=== Exercise description ===
Your answer is the line containing "msp.add_line(p, q, dxfattribs=at)" plus every line after it to the end of the data below, transcribed exactly and with nothing else.

Stored data entries
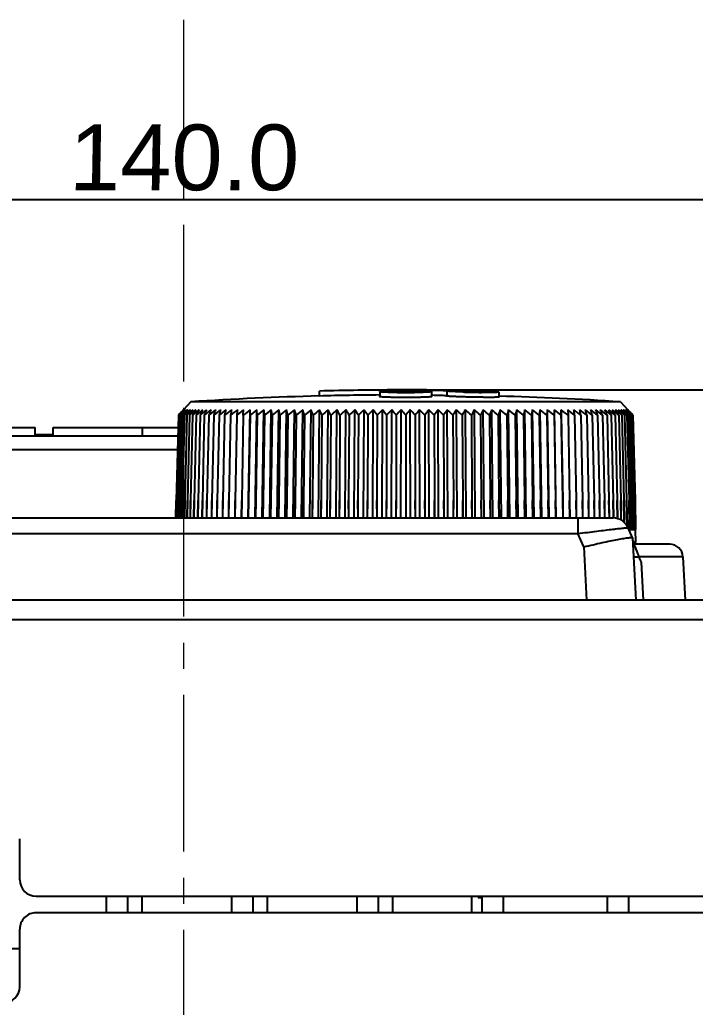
# Model space of a CAD drawing. Header units: millimetres. Extents: x 12659 to 13466, y -343 to 215.
# Drawn here: x 13352 to 13393.1, y -63.5 to -3.5 of the extents above; entities that cross this region are included whole.
import ezdxf

# ---------------------------------------------------------------- set-up
doc = ezdxf.new("R2010")
doc.units = ezdxf.units.MM
doc.header["$PDMODE"] = 3
doc.header["$PDSIZE"] = 1
doc.linetypes.add('CENTER2', pattern=[28.575, 19.05, -3.175, 3.175, -3.175])
doc.linetypes.add('CENTERX2', pattern=[101.6, 63.5, -12.7, 12.7, -12.7])
doc.layers.get('0').update_dxf_attribs({"linetype": 'CONTINUOUS'})
doc.layers.get('Defpoints').update_dxf_attribs({"linetype": 'CONTINUOUS'})
doc.layers.add('3', color=112, linetype='CENTERX2', lineweight=15)
doc.layers.add('Dim', color=1, linetype='CONTINUOUS')
doc.styles.add('OMI-1', font='arial.ttf', dxfattribs={"oblique": 1})
doc.dimstyles.new('1', dxfattribs={"dimtxt": 4, "dimasz": 2.5, "dimexe": 0.8, "dimexo": 0.3, "dimgap": 0.5, "dimtad": 1, "dimtoh": 1, "dimdec": 1, "dimzin": 0, "dimdsep": 46, "dimtxsty": 'OMI-1', "dimcen": 0, "dimclrd": 256, "dimclre": 256, "dimclrt": 256, "dimadec": 0, "dimazin": 0, "dimtfac": 0.8, "dimtdec": 1, "dimtix": 1, "dimtmove": 0, "dimatfit": 3, "dimfxl": 1, "dimtolj": 1, "dimtzin": 0, "dimarcsym": 0})

# ---------------------------------------------------------------- blocks, each defined once
blk = doc.blocks.new('*D6282')
at = {"layer": 'Defpoints', "color": 0}
for p in [(13375.496, -25.983), (13416.496, -276.973), (13448.487, -276.973)]:
    blk.add_point(p, dxfattribs=at)
at = {"layer": 'Dim', "lineweight": -2}
for p, q in [((13375.796, -25.983), (13449.287, -25.983)), ((13448.487, -28.483), (13448.487, -274.473)), ((13416.796, -276.973), (13449.287, -276.973))]:
    blk.add_line(p, q, dxfattribs=at)
at = {"layer": 'Dim'}
for points in [[(13448.904, -28.483), (13448.071, -28.483), (13448.487, -25.983)], [(13448.071, -274.473), (13448.904, -274.473), (13448.487, -276.973)]]:
    blk.add_solid(points, dxfattribs=at)
at = {"layer": 'Dim', "insert": (13445.945, -151.478), "char_height": 4, "attachment_point": 5, "rotation": 90, "style": 'OMI-1'}
blk.add_mtext('\\A1;251.0', dxfattribs=at)
blk = doc.blocks.new('*D6283')
at = {"layer": 'Defpoints', "color": 0}
for p in [(13431.996, -14.416), (13291.996, -39.973), (13431.996, -39.973)]:
    blk.add_point(p, dxfattribs=at)
at = {"layer": 'Dim', "lineweight": -2}
for p, q in [((13291.996, -39.673), (13291.996, -13.616)), ((13431.996, -39.673), (13431.996, -13.616)), ((13294.496, -14.416), (13429.496, -14.416))]:
    blk.add_line(p, q, dxfattribs=at)
at = {"layer": 'Dim'}
for points in [[(13294.496, -13.999), (13294.496, -14.832), (13291.996, -14.416)], [(13429.496, -14.832), (13429.496, -13.999), (13431.996, -14.416)]]:
    blk.add_solid(points, dxfattribs=at)
at = {"layer": 'Dim', "insert": (13361.996, -11.873), "char_height": 4, "attachment_point": 5, "style": 'OMI-1'}
blk.add_mtext('\\A1;140.0', dxfattribs=at)

msp = doc.modelspace()

# ---------------------------------------------------------------- linework, layer by layer
at = {"color": 7, "linetype": 'Continuous'}
for p, q in [((13370.246, -26.356), (13370.246, -26.055)), ((13373.921, -26.095), (13373.921, -26.395)), ((13374.971, -26.047), (13374.971, -25.987)), ((13376.021, -25.993), (13376.021, -26.047)), ((13376.111, -25.995), (13376.021, -25.993)), ((13376.988, -26.01), (13376.763, -26.005)), ((13377.073, -25.995), (13376.764, -25.991)), ((13377.073, -25.995), (13376.764, -25.991)), ((13377.114, -26.013), (13376.988, -26.01)), ((13377.071, -26.095), (13377.071, -26.395)), ((13377.114, -26.313), (13377.071, -26.312)), ((13378.005, -26.038), (13377.996, -26.038)), ((13378.005, -26.056), (13378.005, -26.357)), ((13378.159, -26.018), (13378.006, -26.014)), ((13378.159, -26.018), (13378.006, -26.014)), ((13379.067, -26.114), (13379.053, -26.114)), ((13380.746, -26.087), (13380.746, -26.055)), ((13381.155, -26.121), (13381.155, -26.421)), ((13362.431, -26.71), (13361.983, -27.188)), ((13388.562, -26.71), (13362.431, -26.71)), ((13388.562, -26.71), (13389.01, -27.188)), ((13361.676, -27.519), (13361.544, -32.713)), ((13361.7, -27.519), (13361.568, -32.713)), ((13361.748, -27.519), (13361.617, -32.713)), ((13361.745, -27.447), (13361.676, -27.519)), ((13361.821, -27.519), (13361.691, -32.713)), ((13361.76, -27.459), (13361.7, -27.519)), ((13361.835, -27.435), (13361.748, -27.519)), ((13361.918, -27.519), (13361.788, -32.713)), ((13361.795, -27.464), (13361.819, -27.436)), ((13361.835, -27.435), (13361.805, -27.464)), ((13361.879, -27.464), (13361.821, -27.519)), ((13362.038, -27.519), (13361.91, -32.713)), ((13361.983, -27.459), (13361.918, -27.519)), ((13361.989, -27.194), (13361.937, -27.247)), ((13361.941, -27.247), (13361.989, -27.194)), ((13362.118, -27.447), (13362.038, -27.519)), ((13362.038, -27.519), (13362.087, -27.451)), ((13362.038, -27.519), (13362.087, -27.451)), ((13362.182, -27.519), (13362.055, -32.713)), ((13362.276, -27.436), (13362.182, -27.519)), ((13362.182, -27.519), (13362.234, -27.442)), ((13362.349, -27.519), (13362.224, -32.713)), ((13362.459, -27.425), (13362.349, -27.519)), ((13362.459, -27.425), (13362.349, -27.519)), ((13362.54, -27.519), (13362.416, -32.713)), ((13362.51, -27.263), (13362.554, -27.194)), ((13362.753, -27.519), (13362.631, -32.713)), ((13362.988, -27.519), (13362.869, -32.713)), ((13363.246, -27.519), (13363.129, -32.713)), ((13363.525, -27.519), (13363.411, -32.713)), ((13363.825, -27.519), (13363.713, -32.713)), ((13364.145, -27.519), (13364.037, -32.713)), ((13364.485, -27.519), (13364.38, -32.713)), ((13364.845, -27.519), (13364.743, -32.713)), ((13365.223, -27.519), (13365.125, -32.713)), ((13365.62, -27.519), (13365.526, -32.713)), ((13365.62, -27.519), (13365.641, -27.194)), ((13365.923, -33.773), (13366.037, -27.194)), ((13366.033, -27.519), (13365.943, -32.713)), ((13366.033, -27.519), (13366.037, -27.194)), ((13366.341, -33.773), (13366.45, -27.194)), ((13366.464, -27.519), (13366.378, -32.713)), ((13366.464, -27.519), (13366.45, -27.194)), ((13366.775, -33.773), (13366.879, -27.194)), ((13366.91, -27.519), (13366.828, -32.713)), ((13367.224, -33.773), (13367.323, -27.194)), ((13367.371, -27.519), (13367.293, -32.713)), ((13367.687, -33.773), (13367.781, -27.194)), ((13367.846, -27.519), (13367.773, -32.713)), ((13368.165, -33.773), (13368.252, -27.194)), ((13368.335, -27.519), (13368.267, -32.713)), ((13368.655, -33.773), (13368.737, -27.194)), ((13368.837, -27.519), (13368.773, -32.713)), ((13369.157, -33.773), (13369.233, -27.194)), ((13369.35, -27.519), (13369.291, -32.713)), ((13369.67, -33.773), (13369.74, -27.194)), ((13369.874, -27.519), (13369.82, -32.713)), ((13370.194, -33.773), (13370.257, -27.194)), ((13370.407, -27.519), (13370.359, -32.713)), ((13370.727, -33.773), (13370.784, -27.194)), ((13370.95, -27.519), (13370.907, -32.713)), ((13371.268, -33.773), (13371.319, -27.194)), ((13371.501, -27.519), (13371.463, -32.713)), ((13371.817, -33.773), (13371.861, -27.194)), ((13372.058, -27.519), (13372.026, -32.713)), ((13372.372, -33.773), (13372.409, -27.194)), ((13372.622, -27.519), (13372.595, -32.713)), ((13372.932, -33.773), (13372.963, -27.194)), ((13373.191, -27.519), (13373.169, -32.713)), ((13373.497, -33.773), (13373.521, -27.194)), ((13373.764, -27.519), (13373.747, -32.713)), ((13374.066, -33.773), (13374.083, -27.194)), ((13374.34, -27.519), (13374.328, -32.713)), ((13374.637, -33.773), (13374.647, -27.194)), ((13374.917, -27.519), (13374.912, -32.713)), ((13375.21, -33.773), (13375.213, -27.194)), ((13375.496, -27.519), (13375.496, -33.773)), ((13375.783, -33.773), (13375.779, -27.194)), ((13376.075, -27.519), (13376.081, -32.713)), ((13376.355, -33.773), (13376.345, -27.194)), ((13376.653, -27.519), (13376.664, -32.713)), ((13376.926, -33.773), (13376.909, -27.194)), ((13377.229, -27.519), (13377.245, -32.713)), ((13377.495, -33.773), (13377.471, -27.194)), ((13377.802, -27.519), (13377.824, -32.713)), ((13378.06, -33.773), (13378.029, -27.194)), ((13378.37, -27.519), (13378.398, -32.713)), ((13378.621, -33.773), (13378.583, -27.194)), ((13378.934, -27.519), (13378.967, -32.713)), ((13379.176, -33.773), (13379.132, -27.194)), ((13379.492, -27.519), (13379.53, -32.713)), ((13379.724, -33.773), (13379.674, -27.194)), ((13380.042, -27.519), (13380.086, -32.713)), ((13380.266, -33.773), (13380.209, -27.194)), ((13380.585, -27.519), (13380.634, -32.713)), ((13380.798, -33.773), (13380.735, -27.194)), ((13381.119, -27.519), (13381.172, -32.713)), ((13381.322, -33.773), (13381.252, -27.194)), ((13381.643, -27.519), (13381.701, -32.713)), ((13381.835, -33.773), (13381.76, -27.194)), ((13382.156, -27.519), (13382.219, -32.713)), ((13382.338, -33.773), (13382.256, -27.194)), ((13382.657, -27.519), (13382.725, -32.713)), ((13382.828, -33.773), (13382.74, -27.194)), ((13383.146, -27.519), (13383.219, -32.713)), ((13383.305, -33.773), (13383.212, -27.194)), ((13383.621, -27.519), (13383.699, -32.713)), ((13383.769, -33.773), (13383.67, -27.194)), ((13384.083, -27.519), (13384.165, -32.713)), ((13384.218, -33.773), (13384.114, -27.194)), ((13384.542, -27.194), (13384.529, -27.519)), ((13384.529, -27.519), (13384.615, -32.713)), ((13384.652, -33.773), (13384.542, -27.194)), ((13385.069, -33.773), (13384.955, -27.194)), ((13384.955, -27.194), (13384.959, -27.519)), ((13384.959, -27.519), (13385.049, -32.713)), ((13385.351, -27.194), (13385.373, -27.519)), ((13385.373, -27.519), (13385.467, -32.713)), ((13385.769, -27.519), (13385.867, -32.713)), ((13386.147, -27.519), (13386.249, -32.713)), ((13386.507, -27.519), (13386.612, -32.713)), ((13386.847, -27.519), (13386.956, -32.713)), ((13387.168, -27.519), (13387.279, -32.713)), ((13387.468, -27.519), (13387.582, -32.713)), ((13387.747, -27.519), (13387.863, -32.713)), ((13388.004, -27.519), (13388.123, -32.713)), ((13388.24, -27.519), (13388.361, -32.713)), ((13388.438, -27.194), (13388.482, -27.263)), ((13388.453, -27.519), (13388.576, -32.713)), ((13388.643, -27.519), (13388.534, -27.425)), ((13388.643, -27.519), (13388.769, -32.713)), ((13388.81, -27.519), (13388.716, -27.436)), ((13388.81, -27.519), (13388.716, -27.436)), ((13388.758, -27.442), (13388.81, -27.519)), ((13388.81, -27.519), (13388.937, -32.713)), ((13388.954, -27.519), (13388.875, -27.448)), ((13388.906, -27.451), (13388.954, -27.519)), ((13388.954, -27.519), (13389.083, -32.713)), ((13389.055, -27.247), (13389.004, -27.194)), ((13389.004, -27.194), (13389.051, -27.247)), ((13389.075, -27.519), (13389.01, -27.459)), ((13389.075, -27.519), (13389.204, -32.713)), ((13389.171, -27.519), (13389.113, -27.464)), ((13389.244, -27.519), (13389.157, -27.435)), ((13389.171, -27.519), (13389.302, -32.713)), ((13389.174, -27.436), (13389.197, -27.464)), ((13389.292, -27.519), (13389.232, -27.459)), ((13389.244, -27.519), (13389.375, -32.713)), ((13389.317, -27.519), (13389.247, -27.447)), ((13389.292, -27.519), (13389.424, -32.713)), ((13389.317, -27.519), (13389.448, -32.713)), ((13315.105, -28.773), (13361.644, -28.773)), ((13348.035, -28.273), (13352.957, -28.273)), ((13352.966, -28.773), (13352.957, -28.273)), ((13354.056, -28.723), (13352.966, -28.723)), ((13354.056, -28.773), (13354.065, -28.273)), ((13354.065, -28.273), (13361.657, -28.273)), ((13359.495, -28.773), (13359.486, -28.273)), ((13315.105, -29.607), (13361.623, -29.607)), ((13361.544, -32.713), (13361.525, -33.773)), ((13361.526, -33.773), (13361.544, -32.713)), ((13361.568, -32.713), (13361.549, -33.773)), ((13361.55, -33.773), (13361.568, -32.713)), ((13361.617, -32.713), (13361.598, -33.773)), ((13361.6, -33.773), (13361.617, -32.713)), ((13361.691, -32.713), (13361.671, -33.773)), ((13361.673, -33.773), (13361.691, -32.713)), ((13361.788, -32.713), (13361.768, -33.773)), ((13361.771, -33.773), (13361.788, -32.713)), ((13361.91, -32.713), (13361.89, -33.773)), ((13361.893, -33.773), (13361.91, -32.713)), ((13362.055, -32.713), (13362.035, -33.773)), ((13362.039, -33.773), (13362.055, -32.713)), ((13362.224, -32.713), (13362.204, -33.773)), ((13362.209, -33.773), (13362.224, -32.713)), ((13362.416, -32.713), (13362.396, -33.773)), ((13362.402, -33.773), (13362.416, -32.713)), ((13362.631, -32.713), (13362.611, -33.773)), ((13362.617, -33.773), (13362.631, -32.713)), ((13362.869, -32.713), (13362.849, -33.773)), ((13362.856, -33.773), (13362.869, -32.713)), ((13363.129, -32.713), (13363.109, -33.773)), ((13363.116, -33.773), (13363.129, -32.713)), ((13363.411, -32.713), (13363.391, -33.773)), ((13363.399, -33.773), (13363.411, -32.713)), ((13363.713, -32.713), (13363.693, -33.773)), ((13363.702, -33.773), (13363.713, -32.713)), ((13364.037, -32.713), (13364.017, -33.773)), ((13364.026, -33.773), (13364.037, -32.713)), ((13364.38, -32.713), (13364.361, -33.773)), ((13364.37, -33.773), (13364.38, -32.713)), ((13364.743, -32.713), (13364.724, -33.773)), ((13364.734, -33.773), (13364.743, -32.713)), ((13365.125, -32.713), (13365.106, -33.773)), ((13365.117, -33.773), (13365.125, -32.713)), ((13365.526, -32.713), (13365.507, -33.773)), ((13365.518, -33.773), (13365.526, -32.713)), ((13365.943, -32.713), (13365.925, -33.773)), ((13365.936, -33.773), (13365.943, -32.713)), ((13366.378, -32.713), (13366.359, -33.773)), ((13366.371, -33.773), (13366.378, -32.713)), ((13366.828, -32.713), (13366.81, -33.773)), ((13366.823, -33.773), (13366.828, -32.713)), ((13367.293, -32.713), (13367.276, -33.773)), ((13367.289, -33.773), (13367.293, -32.713)), ((13367.773, -32.713), (13367.757, -33.773)), ((13367.77, -33.773), (13367.773, -32.713)), ((13368.267, -32.713), (13368.251, -33.773)), ((13368.264, -33.773), (13368.267, -32.713)), ((13368.773, -32.713), (13368.757, -33.773)), ((13368.771, -33.773), (13368.773, -32.713)), ((13369.291, -32.713), (13369.276, -33.773)), ((13369.29, -33.773), (13369.291, -32.713)), ((13369.82, -32.713), (13369.805, -33.773)), ((13369.82, -33.773), (13369.82, -32.713)), ((13370.359, -32.713), (13370.345, -33.773)), ((13370.36, -33.773), (13370.359, -32.713)), ((13370.907, -32.713), (13370.893, -33.773)), ((13370.908, -33.773), (13370.907, -32.713)), ((13371.463, -32.713), (13371.45, -33.773)), ((13371.465, -33.773), (13371.463, -32.713)), ((13372.026, -32.713), (13372.013, -33.773)), ((13372.029, -33.773), (13372.026, -32.713)), ((13372.595, -32.713), (13372.583, -33.773)), ((13372.599, -33.773), (13372.595, -32.713)), ((13373.169, -32.713), (13373.158, -33.773)), ((13373.174, -33.773), (13373.169, -32.713)), ((13373.747, -32.713), (13373.737, -33.773)), ((13373.753, -33.773), (13373.747, -32.713)), ((13374.328, -32.713), (13374.319, -33.773)), ((13374.335, -33.773), (13374.328, -32.713)), ((13374.912, -32.713), (13374.903, -33.773)), ((13374.919, -33.773), (13374.912, -32.713)), ((13376.081, -32.713), (13376.073, -33.773)), ((13376.089, -33.773), (13376.081, -32.713)), ((13376.664, -32.713), (13376.658, -33.773)), ((13376.673, -33.773), (13376.664, -32.713)), ((13377.245, -32.713), (13377.24, -33.773)), ((13377.256, -33.773), (13377.245, -32.713)), ((13377.824, -32.713), (13377.819, -33.773)), ((13377.834, -33.773), (13377.824, -32.713)), ((13378.398, -32.713), (13378.394, -33.773)), ((13378.409, -33.773), (13378.398, -32.713)), ((13378.967, -32.713), (13378.964, -33.773)), ((13378.979, -33.773), (13378.967, -32.713)), ((13379.53, -32.713), (13379.527, -33.773)), ((13379.543, -33.773), (13379.53, -32.713)), ((13380.086, -32.713), (13380.084, -33.773)), ((13380.099, -33.773), (13380.086, -32.713)), ((13380.634, -32.713), (13380.633, -33.773)), ((13380.648, -33.773), (13380.634, -32.713)), ((13381.187, -33.773), (13381.172, -32.713)), ((13381.172, -32.713), (13381.173, -33.773)), ((13381.717, -33.773), (13381.701, -32.713)), ((13381.701, -32.713), (13381.702, -33.773)), ((13382.235, -33.773), (13382.219, -32.713)), ((13382.219, -32.713), (13382.221, -33.773)), ((13382.742, -33.773), (13382.725, -32.713)), ((13382.725, -32.713), (13382.728, -33.773)), ((13383.236, -33.773), (13383.219, -32.713)), ((13383.219, -32.713), (13383.223, -33.773)), ((13383.716, -33.773), (13383.699, -32.713)), ((13383.699, -32.713), (13383.703, -33.773)), ((13384.182, -33.773), (13384.165, -32.713)), ((13384.165, -32.713), (13384.17, -33.773)), ((13384.633, -33.773), (13384.615, -32.713)), ((13384.615, -32.713), (13384.621, -33.773)), ((13385.068, -33.773), (13385.049, -32.713)), ((13385.049, -32.713), (13385.056, -33.773)), ((13385.486, -33.773), (13385.467, -32.713)), ((13385.467, -32.713), (13385.475, -33.773)), ((13385.886, -33.775), (13385.867, -32.713)), ((13385.867, -32.713), (13385.875, -33.774)), ((13386.268, -33.773), (13386.249, -32.713)), ((13386.249, -32.713), (13386.258, -33.773)), ((13386.632, -33.773), (13386.612, -32.713)), ((13386.612, -32.713), (13386.622, -33.773)), ((13386.975, -33.773), (13386.956, -32.713)), ((13386.956, -32.713), (13386.966, -33.773)), ((13387.299, -33.774), (13387.279, -32.713)), ((13387.279, -32.713), (13387.29, -33.774)), ((13387.602, -33.773), (13387.582, -32.713)), ((13387.582, -32.713), (13387.594, -33.773)), ((13387.884, -33.773), (13387.863, -32.713)), ((13387.863, -32.713), (13387.876, -33.773)), ((13388.143, -33.772), (13388.123, -32.713)), ((13388.123, -32.713), (13388.137, -33.773)), ((13388.382, -33.815), (13388.361, -32.713)), ((13388.361, -32.713), (13388.376, -33.813)), ((13388.599, -33.904), (13388.576, -32.713)), ((13388.576, -32.713), (13388.593, -33.9)), ((13388.794, -34.042), (13388.769, -32.713)), ((13388.769, -32.713), (13388.787, -34.037)), ((13388.967, -34.26), (13388.937, -32.713)), ((13388.937, -32.713), (13388.96, -34.248)), ((13389.114, -34.365), (13389.083, -32.713)), ((13389.083, -32.713), (13389.108, -34.365)), ((13389.237, -34.473), (13389.204, -32.713)), ((13389.204, -32.713), (13389.232, -34.473)), ((13389.334, -34.473), (13389.302, -32.713)), ((13389.302, -32.713), (13389.33, -34.473)), ((13389.407, -34.473), (13389.375, -32.713)), ((13389.375, -32.713), (13389.404, -34.473)), ((13389.455, -34.473), (13389.424, -32.713)), ((13389.424, -32.713), (13389.454, -34.473)), ((13389.479, -34.473), (13389.448, -32.713)), ((13389.448, -32.713), (13389.479, -34.473)), ((13312.879, -33.773), (13388.113, -33.773)), ((13385.971, -33.773), (13385.971, -34.721)), ((13315.022, -34.721), (13385.971, -34.721)), ((13386.33, -35.528), (13385.971, -34.721)), ((13389.297, -34.973), (13389.027, -34.366)), ((13389.108, -34.365), (13389.11, -34.473)), ((13389.108, -34.365), (13389.11, -34.473)), ((13389.116, -34.473), (13389.232, -34.473)), ((13389.237, -34.473), (13389.33, -34.473)), ((13389.334, -34.473), (13389.404, -34.473)), ((13389.407, -34.473), (13389.454, -34.473)), ((13389.455, -34.473), (13389.479, -34.473)), ((13389.496, -35.273), (13389.482, -34.473)), ((13389.297, -34.973), (13389.496, -38.773)), ((13389.496, -35.273), (13389.355, -35.273)), ((13391.559, -35.373), (13389.386, -35.373)), ((13386.33, -35.528), (13386.5, -38.773)), ((13392.358, -36.131), (13389.685, -36.131)), ((13389.827, -36.456), (13389.846, -36.835)), ((13392.358, -36.131), (13392.496, -38.773)), ((13389.846, -36.835), (13389.946, -38.773)), ((13430.796, -38.773), (13293.196, -38.773)), ((13431.996, -39.973), (13291.996, -39.973)), ((13352.023, -55.773), (13352.023, -53.273)), ((13353.023, -56.773), (13421.145, -56.773)), ((13357.296, -57.773), (13357.296, -56.773)), ((13358.596, -57.773), (13358.596, -56.773)), ((13359.456, -56.773), (13359.456, -57.773)), ((13364.916, -57.773), (13364.916, -56.773)), ((13366.216, -57.773), (13366.216, -56.773)), ((13367.076, -56.773), (13367.076, -57.773)), ((13372.536, -57.773), (13372.536, -56.773)), ((13373.836, -57.773), (13373.836, -56.773)), ((13374.696, -56.773), (13374.696, -57.773)), ((13379.496, -56.773), (13379.496, -57.773)), ((13379.896, -56.773), (13379.896, -56.848)), ((13379.896, -56.848), (13380.156, -56.848)), ((13380.156, -57.773), (13380.156, -56.773)), ((13381.456, -57.773), (13381.456, -56.773)), ((13387.776, -57.773), (13387.776, -56.773)), ((13389.076, -57.773), (13389.076, -56.773)), ((13430.496, -57.773), (13353.023, -57.773)), ((13352.023, -62.273), (13352.023, -58.773)), ((13352.023, -59.973), (13347.216, -59.973))]:
    msp.add_line(p, q, dxfattribs=at)
for centre, radius, start, end in [((13375.496, -226.283), 200, 91.50422, 93.74561), ((13375.496, -226.283), 200.296, 90.15018, 91.50196), ((13375.496, -226.283), 199.996, 90.45121, 91.50422), ((13375.451, 15.526), 41.672, 269.33826, 269.47601), ((13375.496, -226.283), 200.3, 89.63744, 90.15024), ((13375.495, 21.152), 47.298, 269.48401, 270.00089), ((13375.496, -42.001), 15.929, 89.99973, 90.28794), ((13375.496, -42), 15.928, 89.71136, 90.00028), ((13375.501, 20.306), 46.452, 269.9944, 270.5198), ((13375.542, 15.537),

=== Solution to the exercise ===
    msp.add_line(p, q, dxfattribs=at)
for centre, radius, start, end in [((13375.496, -226.283), 200, 91.50422, 93.74561), ((13375.496, -226.283), 200.296, 90.15018, 91.50196), ((13375.496, -226.283), 199.996, 90.45121, 91.50422), ((13375.451, 15.526), 41.672, 269.33826, 269.47601), ((13375.496, -226.283), 200.3, 89.63744, 90.15024), ((13375.495, 21.152), 47.298, 269.48401, 270.00089), ((13375.496, -42.001), 15.929, 89.99973, 90.28794), ((13375.496, -42), 15.928, 89.71136, 90.00028), ((13375.501, 20.306), 46.452, 269.9944, 270.5198), ((13375.542, 15.537),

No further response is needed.